Task statement:
Give back exactly the lines of the material below, starting with the line with "line L63 (-33.25, -46.5979)" and going on through the line with "line L80 (-10.0086, 81.8953)".

Listed entries:
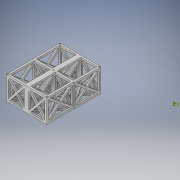
# Autodesk Inventor part: 4 Tape Measures Holder 2
Saved by Autodesk Inventor 2019 (Build 230136000, 136)
## iProperties
Created: 2019-01-03
Part Number: 4 Tape Measures Holder 2
Material: Generic
Document SubType Name: Modeling
Designer: ashle
Density: 1 g/cm^3
Appearance: Default
TM1W: 51.500 mm
TM1L: 70.000 mm
TM1H: 77.000 mm
TM2W: 50.500 mm
TM2L: 71.000 mm
TM2H: 74.200 mm
uw: 6.000 mm
HS: 15.000 mm
VS: 6.500 mm
TM1THL: 130.000 mm
TM2THL: 128.000 mm
TM1TVL: 85.250 mm
TM2TVL: 86.250 mm
Screw: 3.900 mm
Author: ashle
Autodesk Inventor part; units mm, degrees
ref_plane "YZ Plane" through (0, 0, 0) normal (1, 0, 0) x (0, 1, 0)
sketch "Sketch1" plane through (0, 0, 0) normal (0, 1, 0) x (-1, 0, 0)
  line L0 (59, -79.25) -> (7.5, -79.25) construction
  line L1 (7.5, -79.25) -> (7.5, -3.25) construction
  line L2 (7.5, -3.25) -> (59, -3.25) construction
  line L3 (59, -3.25) -> (59, -79.25) construction
  line L4 (-7.5, -79.25) -> (-59, -79.25) construction
  line L5 (-59, -79.25) -> (-59, -3.25) construction
  line L6 (-59, -3.25) -> (-7.5, -3.25) construction
  line L7 (-7.5, -3.25) -> (-7.5, -79.25) construction
  line L8 (58, 3.25) -> (7.5, 3.25) construction
  line L9 (7.5, 3.25) -> (7.5, 80.25) construction
  line L10 (7.5, 80.25) -> (58, 80.25) construction
  line L11 (58, 80.25) -> (58, 3.25) construction
  line L12 (-7.5, 3.25) -> (-58, 3.25) construction
  line L13 (-58, 3.25) -> (-58, 80.25) construction
  line L14 (-58, 80.25) -> (-7.5, 80.25) construction
  line L15 (-7.5, 80.25) -> (-7.5, 3.25) construction
  line L16 (65, -85.25) -> (-65, -85.25)
  line L17 (-65, -85.25) -> (-65, 0)
  line L18 (65, 0) -> (65, -85.25)
  line L19 (-64, 0) -> (-64, 86.25)
  line L20 (-64, 86.25) -> (64, 86.25)
  line L21 (64, 86.25) -> (64, 0)
  line L22 (210.5449, 0) -> (-191.5447, 0) construction
  line L23 (0, -253.0755) -> (0, 334.1089) construction
  line L24 (-65, 0) -> (-64, 0)
  line L25 (64, 0) -> (65, 0)
  line L26 (59, -3.25) -> (7.5, -79.25) construction
  line L27 (59, -79.25) -> (7.5, -3.25) construction
  line L28 (-7.5, -79.25) -> (-59, -3.25) construction
  line L29 (-59, -79.25) -> (-7.5, -3.25) construction
  line L30 (7.5, 3.25) -> (58, 80.25) construction
  line L31 (58, 3.25) -> (7.5, 80.25) construction
  line L32 (-7.5, 80.25) -> (-58, 3.25) construction
  line L33 (-7.5, 3.25) -> (-58, 80.25) construction
  line L34 (61.4835, -4.9329) -> (56.5165, -1.5671) construction
  line L35 (56.5165, -1.5671) -> (5.0165, -77.5671) construction
  line L36 (5.0165, -77.5671) -> (9.9835, -80.9329) construction
  line L37 (9.9835, -80.9329) -> (61.4835, -4.9329) construction
  line L38 (56.5165, -80.9329) -> (61.4835, -77.5671) construction
  line L39 (61.4835, -77.5671) -> (9.9835, -1.5671) construction
  line L40 (9.9835, -1.5671) -> (5.0165, -4.9329) construction
  line L41 (5.0165, -4.9329) -> (56.5165, -80.9329) construction
  line L42 (33.25, -46.5979) -> (11.1239, -79.25)
  line L43 (7.5, -73.9021) -> (29.6261, -41.25)
  line L44 (33.25, -46.5979) -> (55.3761, -79.25)
  line L45 (59, -73.9021) -> (36.8739, -41.25)
  line L46 (36.8739, -41.25) -> (59, -8.5979)
  line L47 (55.3761, -3.25) -> (33.25, -35.9021)
  line L48 (33.25, -35.9021) -> (11.1239, -3.25)
  line L49 (7.5, -8.5979) -> (29.6261, -41.25)
  line L50 (55.3761, -79.25) -> (11.1239, -79.25)
  line L51 (7.5, -73.9021) -> (7.5, -8.5979)
  line L52 (11.1239, -3.25) -> (55.3761, -3.25)
  line L53 (59, -8.5979) -> (59, -73.9021)
  line L54 (-9.9835, -80.9329) -> (-61.4835, -4.9329) construction
  line L55 (-61.4835, -4.9329) -> (-56.5165, -1.5671) construction
  line L56 (-56.5165, -1.5671) -> (-5.0165, -77.5671) construction
  line L57 (-5.0165, -77.5671) -> (-9.9835, -80.9329) construction
  line L58 (-56.5165, -80.9329) -> (-61.4835, -77.5671) construction
  line L59 (-61.4835, -77.5671) -> (-9.9835, -1.5671) construction
  line L60 (-9.9835, -1.5671) -> (-5.0165, -4.9329) construction
  line L61 (-5.0165, -4.9329) -> (-56.5165, -80.9329) construction
  line L62 (-55.3761, -79.25) -> (-33.25, -46.5979)
  line L63 (-33.25, -46.5979) -> (-11.1239, -79.25)
  line L64 (-7.5, -73.9021) -> (-29.6261, -41.25)
  line L65 (-29.6261, -41.25) -> (-7.5, -8.5979)
  line L66 (-7.5, -8.5979) -> (-7.5, -73.9021)
  line L67 (-11.1239, -79.25) -> (-55.3761, -79.25)
  line L68 (-59, -73.9021) -> (-36.8739, -41.25)
  line L69 (-36.8739, -41.25) -> (-59, -8.5979)
  line L70 (-59, -8.5979) -> (-59, -73.9021)
  line L71 (-33.25, -35.9021) -> (-55.3761, -3.25)
  line L72 (-55.3761, -3.25) -> (-11.1239, -3.25)
  line L73 (-11.1239, -3.25) -> (-33.25, -35.9021)
  line L74 (-4.9914, 4.8953) -> (-10.0086, 1.6047) construction
  line L75 (-10.0086, 1.6047) -> (-60.5086, 78.6047) construction
  line L76 (-60.5086, 78.6047) -> (-55.4914, 81.8953) construction
  line L77 (-55.4914, 81.8953) -> (-4.9914, 4.8953) construction
  line L78 (-55.4914, 1.6047) -> (-60.5086, 4.8953) construction
  line L79 (-60.5086, 4.8953) -> (-10.0086, 81.8953) construction
  line L80 (-10.0086, 81.8953) -> (-4.9914, 78.6047) construction
  line L81 (-4.9914, 78.6047) -> (-55.4914, 1.6047) construction
  line L82 (-11.0876, 3.25) -> (-54.4124, 3.25)
  line L83 (-54.4124, 3.25) -> (-32.75, 36.2797)
  line L84 (-32.75, 36.2797) -> (-11.0876, 3.25)
  line L85 (-7.5, 8.7203) -> (-29.1624, 41.75)
  line L86 (-29.1624, 41.75) -> (-7.5, 74.7797)
  line L87 (-7.5, 74.7797) -> (-7.5, 8.7203)
  line L88 (-32.75, 47.2203) -> (-11.0876, 80.25)
  line L89 (-11.0876, 80.25) -> (-54.4124, 80.25)
  line L90 (-54.4124, 80.25) -> (-32.75, 47.2203)
  line L91 (-36.3376, 41.75) -> (-58, 8.7203)
  line L92 (-58, 8.7203) -> (-58, 74.7797)
  line L93 (-58, 74.7797) -> (-36.3376, 41.75)
  line L94 (55.4914, 1.6047) -> (60.5086, 4.8953) construction
  line L95 (60.5086, 4.8953) -> (10.0086, 81.8953) construction
  line L96 (10.0086, 81.8953) -> (4.9914, 78.6047) construction
  line L97 (4.9914, 78.6047) -> (55.4914, 1.6047) construction
  line L98 (10.0086, 1.6047) -> (4.9914, 4.8953) construction
  line L99 (4.9914, 4.8953) -> (55.4914, 81.8953) construction
  line L100 (55.4914, 81.8953) -> (60.5086, 78.6047) construction
  line L101 (60.5086, 78.6047) -> (10.0086, 1.6047) construction
  line L102 (58, 74.7797) -> (36.3376, 41.75)
  line L103 (36.3376, 41.75) -> (58, 8.7203)
  line L104 (58, 8.7203) -> (58, 74.7797)
  line L105 (54.4124, 80.25) -> (32.75, 47.2203)
  line L106 (32.75, 47.2203) -> (11.0876, 80.25)
  line L107 (11.0876, 80.25) -> (54.4124, 80.25)
  line L108 (7.5, 74.7797) -> (29.1624, 41.75)
  line L109 (7.5, 8.7203) -> (29.1624, 41.75)
  line L110 (7.5, 8.7203) -> (7.5, 74.7797)
  line L111 (54.4124, 3.25) -> (11.0876, 3.25)
  line L112 (11.0876, 3.25) -> (32.75, 36.2797)
  line L113 (32.75, 36.2797) -> (54.4124, 3.25)
  point P0 (0, 86.25)
  point P1 (0, -85.25)
  point P2 (0, 0)
  dimension "TM1HL" = 130
  dimension "TM2HL" = 128
  dimension "TM1STV" = 85.25
  dimension "TM2STV" = 86.25
  dimension "d26" = 6
  dimension "d27" = 6
  dimension "d31" = 6
  dimension "d32" = 6
  dimension "d33" = 6
  dimension "d34" = 6
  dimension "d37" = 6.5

Worked solution:
  line L63 (-33.25, -46.5979) -> (-11.1239, -79.25)
  line L64 (-7.5, -73.9021) -> (-29.6261, -41.25)
  line L65 (-29.6261, -41.25) -> (-7.5, -8.5979)
  line L66 (-7.5, -8.5979) -> (-7.5, -73.9021)
  line L67 (-11.1239, -79.25) -> (-55.3761, -79.25)
  line L68 (-59, -73.9021) -> (-36.8739, -41.25)
  line L69 (-36.8739, -41.25) -> (-59, -8.5979)
  line L70 (-59, -8.5979) -> (-59, -73.9021)
  line L71 (-33.25, -35.9021) -> (-55.3761, -3.25)
  line L72 (-55.3761, -3.25) -> (-11.1239, -3.25)
  line L73 (-11.1239, -3.25) -> (-33.25, -35.9021)
  line L74 (-4.9914, 4.8953) -> (-10.0086, 1.6047) construction
  line L75 (-10.0086, 1.6047) -> (-60.5086, 78.6047) construction
  line L76 (-60.5086, 78.6047) -> (-55.4914, 81.8953) construction
  line L77 (-55.4914, 81.8953) -> (-4.9914, 4.8953) construction
  line L78 (-55.4914, 1.6047) -> (-60.5086, 4.8953) construction
  line L79 (-60.5086, 4.8953) -> (-10.0086, 81.8953) construction
  line L80 (-10.0086, 81.8953) -> (-4.9914, 78.6047) construction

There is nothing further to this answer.